Starting at the line that holds "radius of A2", transcribe every line to the end of the data exactly; include no other lines.

(SOURCE INFORMATION begins)

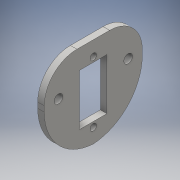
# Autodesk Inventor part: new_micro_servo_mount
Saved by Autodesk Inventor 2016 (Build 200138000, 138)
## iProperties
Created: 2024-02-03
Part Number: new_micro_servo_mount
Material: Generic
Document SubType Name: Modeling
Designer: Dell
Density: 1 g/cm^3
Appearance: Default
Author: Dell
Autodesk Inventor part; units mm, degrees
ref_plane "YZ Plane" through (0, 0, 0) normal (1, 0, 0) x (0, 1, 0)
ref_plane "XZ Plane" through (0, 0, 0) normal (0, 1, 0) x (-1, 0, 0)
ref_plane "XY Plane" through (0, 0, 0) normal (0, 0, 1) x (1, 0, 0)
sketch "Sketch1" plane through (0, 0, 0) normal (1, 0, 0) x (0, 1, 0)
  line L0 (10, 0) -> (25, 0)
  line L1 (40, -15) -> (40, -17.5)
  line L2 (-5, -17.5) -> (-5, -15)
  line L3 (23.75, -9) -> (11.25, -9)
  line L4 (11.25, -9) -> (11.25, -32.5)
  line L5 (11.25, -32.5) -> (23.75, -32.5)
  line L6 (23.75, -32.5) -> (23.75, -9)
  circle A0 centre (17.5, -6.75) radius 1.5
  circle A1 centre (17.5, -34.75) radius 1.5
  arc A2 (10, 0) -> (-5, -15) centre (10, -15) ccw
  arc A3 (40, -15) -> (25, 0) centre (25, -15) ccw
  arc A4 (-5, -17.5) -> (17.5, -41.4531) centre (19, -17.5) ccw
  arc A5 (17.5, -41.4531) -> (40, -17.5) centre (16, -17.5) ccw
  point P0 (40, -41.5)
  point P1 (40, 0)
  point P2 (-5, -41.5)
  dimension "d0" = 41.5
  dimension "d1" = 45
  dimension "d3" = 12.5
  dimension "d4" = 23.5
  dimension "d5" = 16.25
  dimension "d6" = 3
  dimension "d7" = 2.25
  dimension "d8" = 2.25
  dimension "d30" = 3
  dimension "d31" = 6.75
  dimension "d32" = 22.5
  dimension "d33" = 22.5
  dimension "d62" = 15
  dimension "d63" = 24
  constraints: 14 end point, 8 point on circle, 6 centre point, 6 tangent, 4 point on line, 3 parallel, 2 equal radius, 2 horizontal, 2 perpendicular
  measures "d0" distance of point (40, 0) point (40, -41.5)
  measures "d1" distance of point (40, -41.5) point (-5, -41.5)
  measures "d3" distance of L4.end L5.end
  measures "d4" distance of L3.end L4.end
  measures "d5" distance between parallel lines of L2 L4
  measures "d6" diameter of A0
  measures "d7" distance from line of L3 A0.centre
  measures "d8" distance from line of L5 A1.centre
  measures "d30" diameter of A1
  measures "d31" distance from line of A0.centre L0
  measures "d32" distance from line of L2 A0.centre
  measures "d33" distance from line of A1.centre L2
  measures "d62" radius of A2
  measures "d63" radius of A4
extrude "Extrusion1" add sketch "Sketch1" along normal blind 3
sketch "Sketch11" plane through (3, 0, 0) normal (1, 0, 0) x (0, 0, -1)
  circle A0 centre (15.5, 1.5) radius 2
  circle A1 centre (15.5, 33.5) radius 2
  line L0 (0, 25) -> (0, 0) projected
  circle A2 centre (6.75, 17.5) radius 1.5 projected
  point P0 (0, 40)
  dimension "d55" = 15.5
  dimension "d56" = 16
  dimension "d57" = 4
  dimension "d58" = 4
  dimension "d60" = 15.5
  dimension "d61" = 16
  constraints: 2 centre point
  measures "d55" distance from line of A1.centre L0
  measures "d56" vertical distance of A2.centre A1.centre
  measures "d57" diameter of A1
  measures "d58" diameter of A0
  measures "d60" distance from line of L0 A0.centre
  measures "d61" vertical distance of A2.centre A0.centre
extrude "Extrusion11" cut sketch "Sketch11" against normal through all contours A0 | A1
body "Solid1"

(SOURCE INFORMATION ends)

(ANSWER TO THIS EXERCISE):
  measures "d62" radius of A2
  measures "d63" radius of A4
extrude "Extrusion1" add sketch "Sketch1" along normal blind 3
sketch "Sketch11" plane through (3, 0, 0) normal (1, 0, 0) x (0, 0, -1)
  circle A0 centre (15.5, 1.5) radius 2
  circle A1 centre (15.5, 33.5) radius 2
  line L0 (0, 25) -> (0, 0) projected
  circle A2 centre (6.75, 17.5) radius 1.5 projected
  point P0 (0, 40)
  dimension "d55" = 15.5
  dimension "d56" = 16
  dimension "d57" = 4
  dimension "d58" = 4
  dimension "d60" = 15.5
  dimension "d61" = 16
  constraints: 2 centre point
  measures "d55" distance from line of A1.centre L0
  measures "d56" vertical distance of A2.centre A1.centre
  measures "d57" diameter of A1
  measures "d58" diameter of A0
  measures "d60" distance from line of L0 A0.centre
  measures "d61" vertical distance of A2.centre A0.centre
extrude "Extrusion11" cut sketch "Sketch11" against normal through all contours A0 | A1
body "Solid1"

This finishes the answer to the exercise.